# What this task involves
An exact copy of all entries is the expected answer.

[Items from a data source]
※
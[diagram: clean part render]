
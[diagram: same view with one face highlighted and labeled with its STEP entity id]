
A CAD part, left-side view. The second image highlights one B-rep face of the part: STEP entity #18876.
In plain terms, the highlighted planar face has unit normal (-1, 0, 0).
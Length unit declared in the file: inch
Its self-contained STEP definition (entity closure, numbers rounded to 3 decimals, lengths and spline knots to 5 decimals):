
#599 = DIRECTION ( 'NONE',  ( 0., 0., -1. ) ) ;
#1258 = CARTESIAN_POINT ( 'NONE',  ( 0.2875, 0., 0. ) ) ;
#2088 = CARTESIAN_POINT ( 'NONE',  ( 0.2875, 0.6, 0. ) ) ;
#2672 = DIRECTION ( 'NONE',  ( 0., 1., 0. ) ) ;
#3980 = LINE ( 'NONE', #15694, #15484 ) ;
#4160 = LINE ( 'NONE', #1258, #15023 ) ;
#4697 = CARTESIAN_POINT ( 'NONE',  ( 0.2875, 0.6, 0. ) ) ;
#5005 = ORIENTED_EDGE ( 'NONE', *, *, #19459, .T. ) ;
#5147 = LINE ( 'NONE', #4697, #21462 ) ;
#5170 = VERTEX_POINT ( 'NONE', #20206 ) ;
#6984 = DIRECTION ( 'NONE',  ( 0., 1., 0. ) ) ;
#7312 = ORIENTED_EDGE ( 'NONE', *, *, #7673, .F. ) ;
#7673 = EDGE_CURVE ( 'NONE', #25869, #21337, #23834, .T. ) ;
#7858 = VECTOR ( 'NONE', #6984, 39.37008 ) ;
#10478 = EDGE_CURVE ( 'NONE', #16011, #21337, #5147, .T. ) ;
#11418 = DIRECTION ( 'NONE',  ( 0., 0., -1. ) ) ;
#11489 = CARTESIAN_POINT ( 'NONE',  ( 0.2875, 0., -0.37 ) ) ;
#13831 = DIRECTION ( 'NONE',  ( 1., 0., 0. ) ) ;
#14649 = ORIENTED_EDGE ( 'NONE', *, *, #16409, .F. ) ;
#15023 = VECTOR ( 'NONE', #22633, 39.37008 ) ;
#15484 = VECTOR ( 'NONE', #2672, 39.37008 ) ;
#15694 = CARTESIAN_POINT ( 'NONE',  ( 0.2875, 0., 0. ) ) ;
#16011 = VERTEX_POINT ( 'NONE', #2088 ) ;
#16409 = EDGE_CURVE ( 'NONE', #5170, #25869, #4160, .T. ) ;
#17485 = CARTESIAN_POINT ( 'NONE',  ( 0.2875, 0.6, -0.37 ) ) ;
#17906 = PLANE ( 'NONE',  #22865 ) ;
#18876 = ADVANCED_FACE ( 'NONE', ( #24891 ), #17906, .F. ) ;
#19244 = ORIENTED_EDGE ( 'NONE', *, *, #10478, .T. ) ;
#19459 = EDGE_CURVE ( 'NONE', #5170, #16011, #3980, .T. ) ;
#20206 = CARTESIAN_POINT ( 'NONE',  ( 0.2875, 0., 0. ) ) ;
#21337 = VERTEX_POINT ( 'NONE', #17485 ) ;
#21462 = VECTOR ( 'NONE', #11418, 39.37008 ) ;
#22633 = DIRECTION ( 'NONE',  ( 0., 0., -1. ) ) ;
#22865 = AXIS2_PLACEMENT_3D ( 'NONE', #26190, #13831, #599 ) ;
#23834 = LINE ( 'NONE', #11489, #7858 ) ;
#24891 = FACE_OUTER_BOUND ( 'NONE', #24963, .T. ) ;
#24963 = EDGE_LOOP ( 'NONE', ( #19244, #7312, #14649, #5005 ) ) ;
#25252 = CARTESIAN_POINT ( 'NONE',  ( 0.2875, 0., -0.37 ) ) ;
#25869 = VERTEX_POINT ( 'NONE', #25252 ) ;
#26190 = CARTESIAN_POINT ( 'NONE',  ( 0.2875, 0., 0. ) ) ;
※
# Task solution
[diagram: clean part render]
[diagram: same view with one face highlighted and labeled with its STEP entity id]
A CAD part, left-side view. The second image highlights one B-rep face of the part: STEP entity #18876.
In plain terms, the highlighted planar face has unit normal (-1, 0, 0).
Length unit declared in the file: inch
Its self-contained STEP definition (entity closure, numbers rounded to 3 decimals, lengths and spline knots to 5 decimals):
#599 = DIRECTION ( 'NONE',  ( 0., 0., -1. ) ) ;
#1258 = CARTESIAN_POINT ( 'NONE',  ( 0.2875, 0., 0. ) ) ;
#2088 = CARTESIAN_POINT ( 'NONE',  ( 0.2875, 0.6, 0. ) ) ;
#2672 = DIRECTION ( 'NONE',  ( 0., 1., 0. ) ) ;
#3980 = LINE ( 'NONE', #15694, #15484 ) ;
#4160 = LINE ( 'NONE', #1258, #15023 ) ;
#4697 = CARTESIAN_POINT ( 'NONE',  ( 0.2875, 0.6, 0. ) ) ;
#5005 = ORIENTED_EDGE ( 'NONE', *, *, #19459, .T. ) ;
#5147 = LINE ( 'NONE', #4697, #21462 ) ;
#5170 = VERTEX_POINT ( 'NONE', #20206 ) ;
#6984 = DIRECTION ( 'NONE',  ( 0., 1., 0. ) ) ;
#7312 = ORIENTED_EDGE ( 'NONE', *, *, #7673, .F. ) ;
#7673 = EDGE_CURVE ( 'NONE', #25869, #21337, #23834, .T. ) ;
#7858 = VECTOR ( 'NONE', #6984, 39.37008 ) ;
#10478 = EDGE_CURVE ( 'NONE', #16011, #21337, #5147, .T. ) ;
#11418 = DIRECTION ( 'NONE',  ( 0., 0., -1. ) ) ;
#11489 = CARTESIAN_POINT ( 'NONE',  ( 0.2875, 0., -0.37 ) ) ;
#13831 = DIRECTION ( 'NONE',  ( 1., 0., 0. ) ) ;
#14649 = ORIENTED_EDGE ( 'NONE', *, *, #16409, .F. ) ;
#15023 = VECTOR ( 'NONE', #22633, 39.37008 ) ;
#15484 = VECTOR ( 'NONE', #2672, 39.37008 ) ;
#15694 = CARTESIAN_POINT ( 'NONE',  ( 0.2875, 0., 0. ) ) ;
#16011 = VERTEX_POINT ( 'NONE', #2088 ) ;
#16409 = EDGE_CURVE ( 'NONE', #5170, #25869, #4160, .T. ) ;
#17485 = CARTESIAN_POINT ( 'NONE',  ( 0.2875, 0.6, -0.37 ) ) ;
#17906 = PLANE ( 'NONE',  #22865 ) ;
#18876 = ADVANCED_FACE ( 'NONE', ( #24891 ), #17906, .F. ) ;
#19244 = ORIENTED_EDGE ( 'NONE', *, *, #10478, .T. ) ;
#19459 = EDGE_CURVE ( 'NONE', #5170, #16011, #3980, .T. ) ;
#20206 = CARTESIAN_POINT ( 'NONE',  ( 0.2875, 0., 0. ) ) ;
#21337 = VERTEX_POINT ( 'NONE', #17485 ) ;
#21462 = VECTOR ( 'NONE', #11418, 39.37008 ) ;
#22633 = DIRECTION ( 'NONE',  ( 0., 0., -1. ) ) ;
#22865 = AXIS2_PLACEMENT_3D ( 'NONE', #26190, #13831, #599 ) ;
#23834 = LINE ( 'NONE', #11489, #7858 ) ;
#24891 = FACE_OUTER_BOUND ( 'NONE', #24963, .T. ) ;
#24963 = EDGE_LOOP ( 'NONE', ( #19244, #7312, #14649, #5005 ) ) ;
#25252 = CARTESIAN_POINT ( 'NONE',  ( 0.2875, 0., -0.37 ) ) ;
#25869 = VERTEX_POINT ( 'NONE', #25252 ) ;
#26190 = CARTESIAN_POINT ( 'NONE',  ( 0.2875, 0., 0. ) ) ;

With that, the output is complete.